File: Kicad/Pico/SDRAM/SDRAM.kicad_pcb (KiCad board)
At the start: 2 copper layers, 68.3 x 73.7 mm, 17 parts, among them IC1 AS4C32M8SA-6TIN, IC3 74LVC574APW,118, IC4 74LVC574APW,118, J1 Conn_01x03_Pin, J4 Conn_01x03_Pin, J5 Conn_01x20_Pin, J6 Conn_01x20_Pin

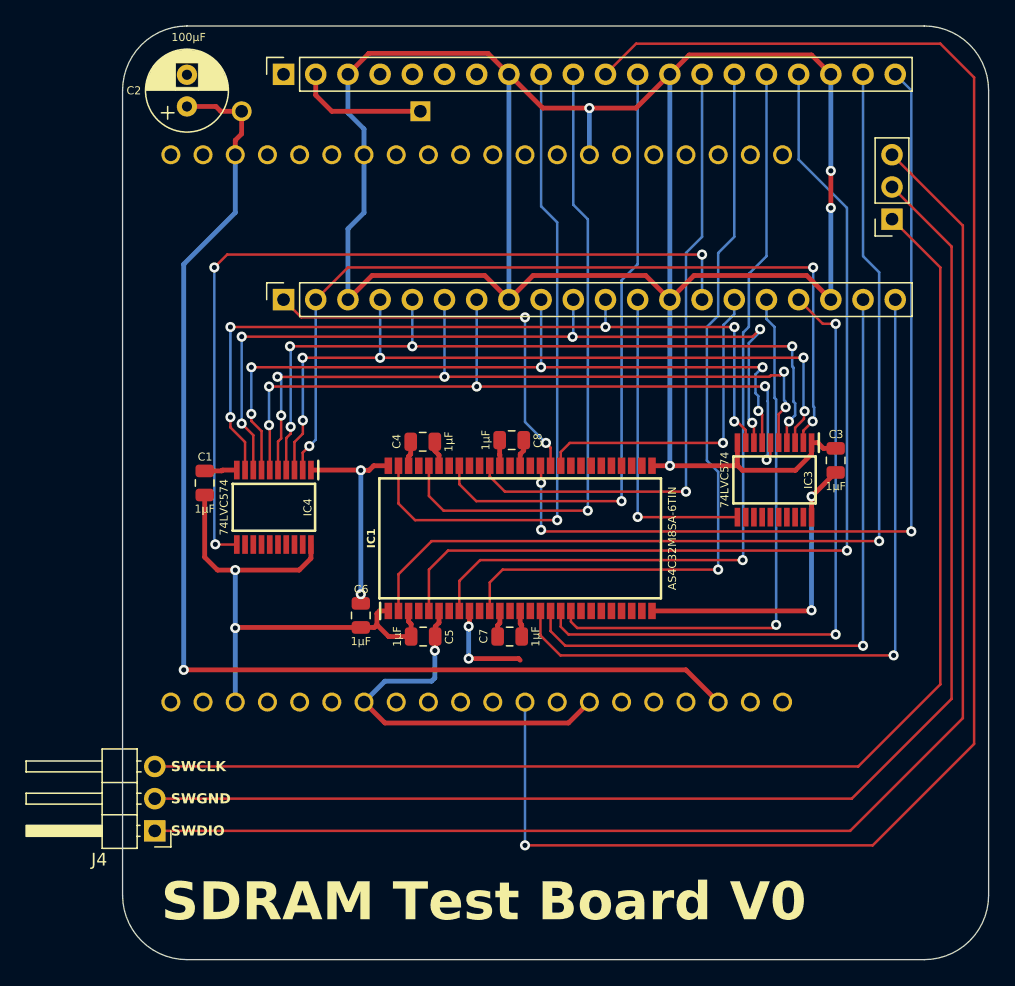
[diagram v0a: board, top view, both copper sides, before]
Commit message: Route SDRAM test board.
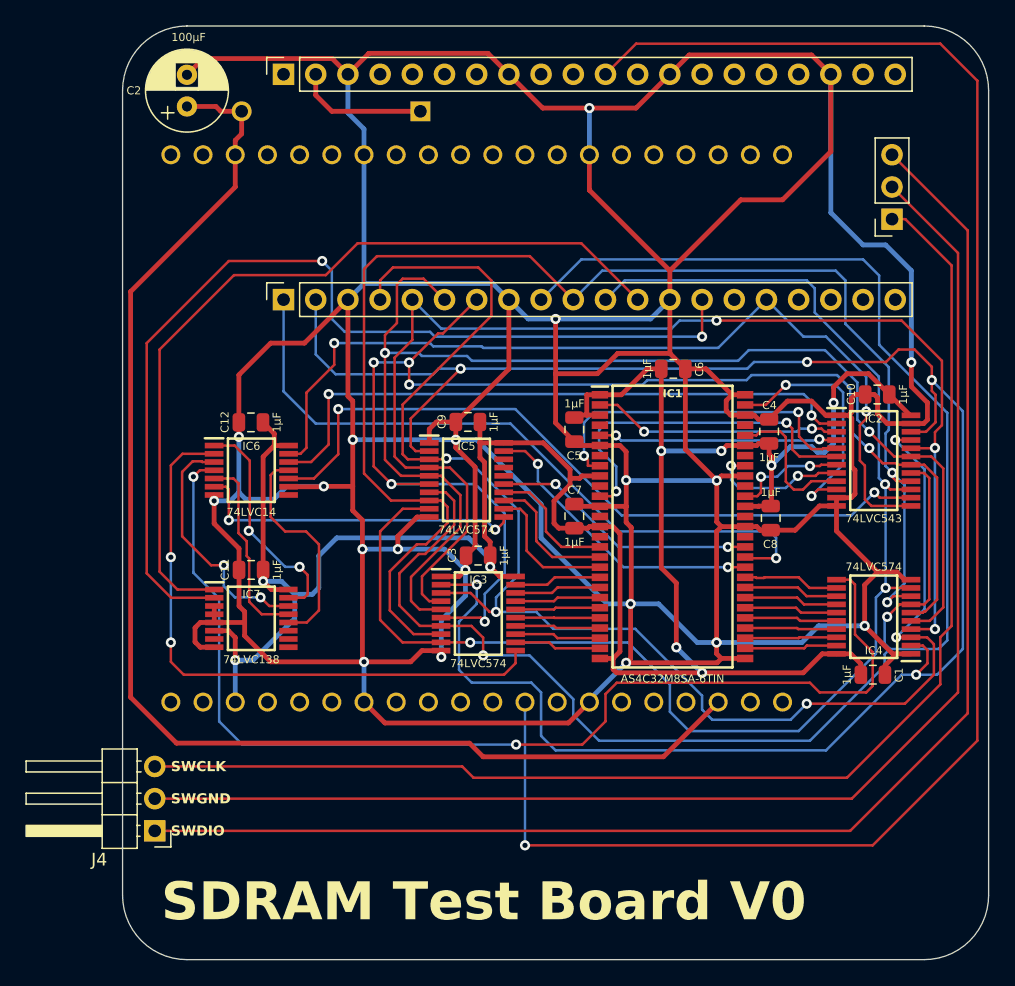
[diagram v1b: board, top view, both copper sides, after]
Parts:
- added C10: 1μF, SamacSys_Parts:C_0805, F.Cu at (55.7, -26.8)
- added C11: 1μF, SamacSys_Parts:C_0805, F.Cu at (6.34, -13.0)
- added C12: 1μF, SamacSys_Parts:C_0805, F.Cu at (6.33, -24.6)
- added C9: 1μF, SamacSys_Parts:C_0805, F.Cu at (23.4, -24.6)
- added IC2: SN74LVC543APWR, SamacSys_Parts:SOP65P640X120-24N, F.Cu at (55.5, -21.6)
- added IC5: 74LVC574APW,118, SamacSys_Parts:SOP65P640X110-20N, F.Cu at (23.3, -20.1)
- added IC6: 74LVC14APW,118, SamacSys_Parts:SOP65P640X110-14N, F.Cu at (6.35, -20.8)
- added IC7: 74LVC138APW-Q100J, SamacSys_Parts:SOP65P640X110-16N, F.Cu at (6.35, -9.14)
- moved C1 54.8 mm to (55.4, -4.70), turned to -90 degrees
- moved IC4 48.1 mm to (55.5, -9.27), turned to 180 degrees
- moved C6 31.4 mm to (39.6, -28.8), turned to -90 degrees
- moved C3 29.2 mm to (24.3, -14.1), turned to 90 degrees
- moved C4 27.3 mm to (47.2, -23.9), turned to 0 degrees
- moved IC3 25.6 mm to (24.3, -9.53), turned to 0 degrees
- moved C8 21.4 mm to (47.3, -17.1), turned to 180 degrees
- moved C5 20.2 mm to (31.8, -24.1), turned to 180 degrees
- moved IC1 12.1 mm to (39.6, -16.4), turned to 0 degrees
- moved C7 10.8 mm to (31.8, -17.2), turned to 0 degrees
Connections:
- IC3 pad 11: /CP1 -> /Y0
- IC3 pad 12: /BA1 -> /A3
- IC3 pad 13: /BA0 -> /A2
- IC3 pad 14: unconnected-(IC3-Q5-Pad14) -> /A1
- IC3 pad 15: /A12 -> /A0
- IC3 pad 16: /A11 -> /A10
- IC3 pad 17: /A10 -> /BA1
- IC3 pad 18: /A9 -> /BA0
- IC3 pad 19: /A8 -> /~{CS}
- IC4 pad 11: /CP2 -> /Y1
- IC4 pad 12: /A7 -> /A12
- IC4 pad 13: /A6 -> /A11
- IC4 pad 14: /A5 -> /A9
- IC4 pad 15: /A4 -> /A8
- IC4 pad 16: /A3 -> /A7
- IC4 pad 17: /A2 -> /A6
- IC4 pad 18: /A1 -> /A5
- IC4 pad 19: /A0 -> /A4
- J5 pad 12: /CP1 -> /GA0
- J5 pad 14: /CP2 -> /GA1
- J5 pad 15: /CKE -> unconnected-(J5-Pin_15-Pad15)
- J5 pad 16: /~{CS} -> /AB
- J5 pad 17: /~{RAS} -> unconnected-(J5-Pin_17-Pad17)
- J5 pad 18: /GND -> unconnected-(J5-Pin_18-Pad18)
- J5 pad 19: /~{CAS} -> unconnected-(J5-Pin_19-Pad19)
- J5 pad 20: /~{WE} -> unconnected-(J5-Pin_20-Pad20)
- J6 pad 10: /D6 -> unconnected-(J6-Pin_10-Pad10)
- J6 pad 12: /D5 -> unconnected-(J6-Pin_12-Pad12)
- J6 pad 14: /D4 -> unconnected-(J6-Pin_14-Pad14)
- J6 pad 15: /D3 -> unconnected-(J6-Pin_15-Pad15)
- J6 pad 16: /D2 -> unconnected-(J6-Pin_16-Pad16)
- J6 pad 17: /D1 -> unconnected-(J6-Pin_17-Pad17)
- J6 pad 19: /D0 -> unconnected-(J6-Pin_19-Pad19)
- J6 pad 20: /DQM -> unconnected-(J6-Pin_20-Pad20)
- J6 pad 9: /D7 -> unconnected-(J6-Pin_9-Pad9)
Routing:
- net /GND: track 249.3 -> 562.5 mm, vias 7 -> 19
- net /3.3V: track 83.9 -> 192.8 mm, vias 6 -> 9
- net /Y1: track 0.00 -> 88.3 mm, vias 0 -> 2
- net /GP0: track 68.4 -> 154.9 mm, vias 3 -> 5
- net /GP5: track 60.5 -> 143.0 mm, vias 5 -> 2
- net /GA1: track 0.00 -> 78.4 mm, vias 0 -> 2
- net /AB: track 0.00 -> 70.9 mm, vias 0 -> 2
- net /CP2: track 66.0 -> 0.00 mm, vias 3 -> 0
- net /GA0: track 0.00 -> 65.5 mm
- net /D0: track 79.3 -> 19.7 mm, vias 1 -> 2
- net /Y3: track 0.00 -> 57.9 mm, vias 0 -> 2
- net /D1: track 76.0 -> 18.9 mm, vias 1 -> 2
- net /GP1: track 60.3 -> 117.0 mm
- net /DQM: track 70.9 -> 21.1 mm, vias 3 -> 2
- net /BA: track 0.00 -> 49.4 mm, vias 0 -> 2
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
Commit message: Cleaned SDRAM Tester schematic.
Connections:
- J5 pad 15: unconnected-(J5-Pin_15-Pad15) -> /AB
- J5 pad 16: /AB -> unconnected-(J5-Pin_16-Pad16)
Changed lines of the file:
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@@
 			(layers "*.Cu" "*.Mask")
 			(remove_unused_layers no)
-			(net "unconnected-(J5-Pin_15-Pad15)")
+			(net "/AB")
 			(pinfunction "Pin_15_15")
-			(pintype "passive+no_connect")
+			(pintype "passive")
 		)
 		(pad "16" thru_hole circle
@@
 			(layers "*.Cu" "*.Mask")
 			(remove_unused_layers no)
-			(net "/AB")
+			(net "unconnected-(J5-Pin_16-Pad16)")
 			(pinfunction "Pin_16_16")
-			(pintype "passive")
+			(pintype "passive+no_connect")
 		)
 		(pad "17" thru_hole circle
@@
 	)
 	(segment
-		(start 43.18 -30.48)
-		(end 46.99 -34.29)
-		(width 0.2)
-		(layer "B.Cu")
-		(net "/AB")
-	)
-	(segment
 		(start 54.8588 -28.1992)
 		(end 51.689 -31.369)
@@
 	)
 	(segment
-		(start 20.447 -30.861)
-		(end 20.701 -30.607)
+		(start 51.308 -31.75)
+		(end 51.689 -31.369)
 		(width 0.2)
 		(layer "B.Cu")
@@
 	)
 	(segment
-		(start 51.689 -31.369)
-		(end 49.911 -31.369)
+		(start 44.45 -31.75)
+		(end 51.308 -31.75)
 		(width 0.2)
 		(layer "B.Cu")
@@
 	)
 	(segment
-		(start 12.8905 -30.861)
-		(end 20.447 -30.861)
+		(start 44.45 -31.75)
+		(end 44.45 -34.29)
 		(width 0.2)
 		(layer "B.Cu")
@@
 	)
 	(segment
+		(start 24.638 -30.48)
+		(end 43.18 -30.48)
+		(width 0.2)
+		(layer "B.Cu")
+		(net "/AB")
+	)
+	(segment
 		(start 54.8588 -25.4711)
 		(end 54.8588 -28.1992)
@@
 	)
 	(segment
-		(start 49.911 -31.369)
-		(end 46.99 -34.29)
+		(start 20.447 -30.861)
+		(end 20.701 -30.607)
 		(width 0.2)
 		(layer "B.Cu")
@@
 	)
 	(segment
-		(start 24.638 -30.48)
-		(end 43.18 -30.48)
+		(start 12.8905 -30.861)
+		(end 20.447 -30.861)
+		(width 0.2)
+		(layer "B.Cu")
+		(net "/AB")
+	)
+	(segment
+		(start 43.18 -30.48)
+		(end 44.45 -31.75)
 		(width 0.2)
 		(layer "B.Cu")

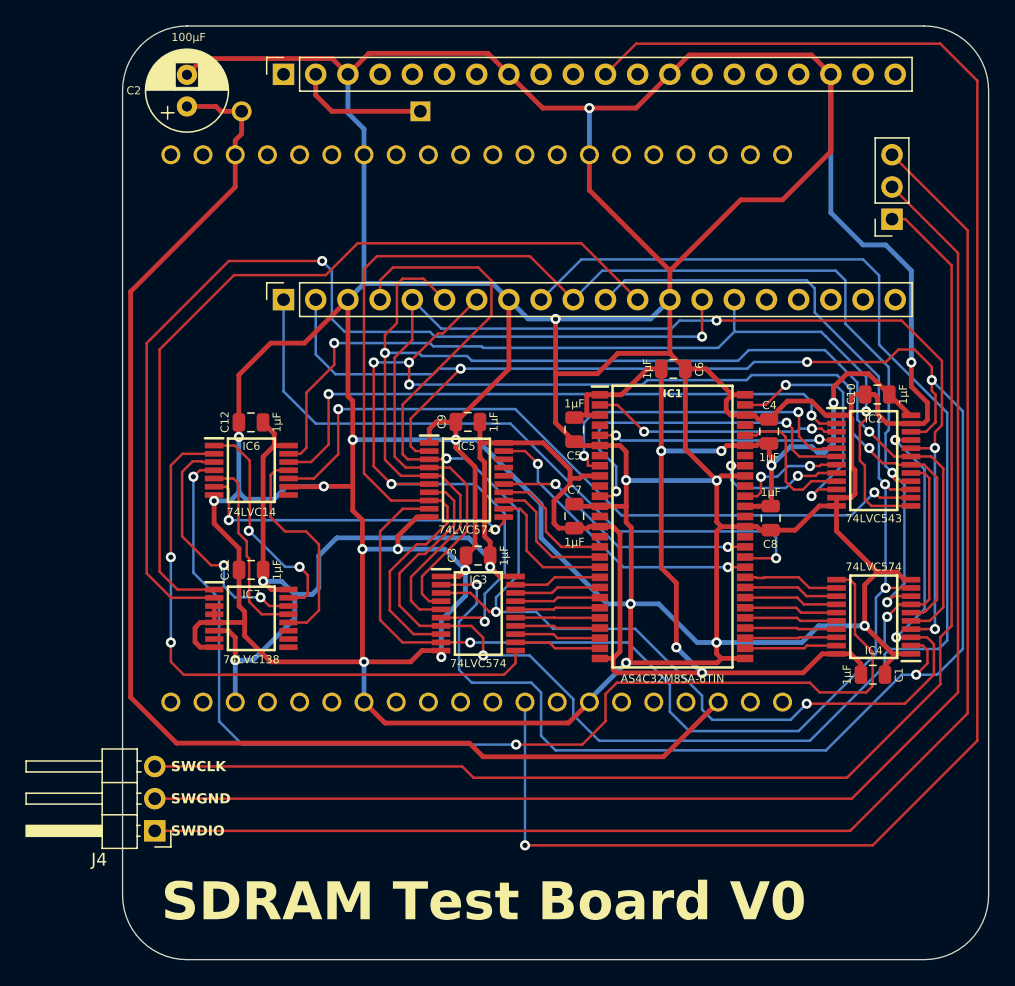
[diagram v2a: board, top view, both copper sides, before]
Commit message: Cleaned SDRAM routing.
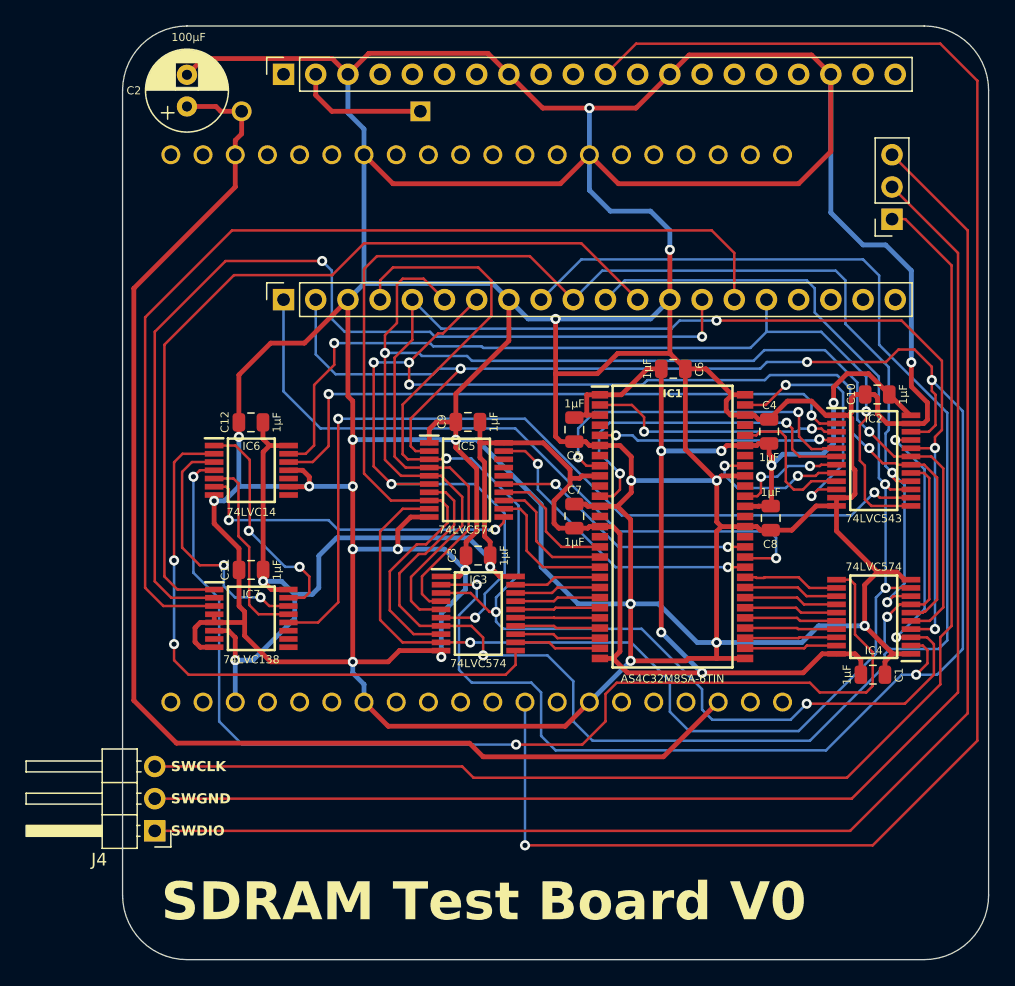
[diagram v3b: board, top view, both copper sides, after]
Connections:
- IC2 pad 14: /Y3 -> /~{Y3}
- IC6 pad 10: /Y3 -> unconnected-(IC6-5Y-Pad10)
- IC6 pad 11: /~{Y3} -> /GND
- IC7 pad 3: /GND -> /GA2
- J5 pad 15: /AB -> /GA2
- J5 pad 16: unconnected-(J5-Pin_16-Pad16) -> /AB
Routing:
- net /GA2: track 0.00 -> 81.1 mm
- net /Y3: track 57.9 -> 0.00 mm, vias 2 -> 0
- net /~{Y3}: track 17.6 -> 68.3 mm, vias 0 -> 2
- net /GND: track 562.5 -> 590.8 mm, vias 19 -> 21
- net /GP5: track 143.0 -> 144.1 mm
- net /GP1: track 117.0 -> 117.9 mm
- net /GP4: track 107.2 -> 106.3 mm
- net /D5: track 11.3 -> 12.1 mm
- net /D0: track 19.7 -> 20.4 mm
- net /3.3V: track 192.8 -> 192.2 mm

******

Show me every line in the data above that includes "sides".

**ANSWER SPACE**
[diagram v0a: board, top view, both copper sides, before]
[diagram v1b: board, top view, both copper sides, after]
[diagram v2a: board, top view, both copper sides, before]
[diagram v3b: board, top view, both copper sides, after]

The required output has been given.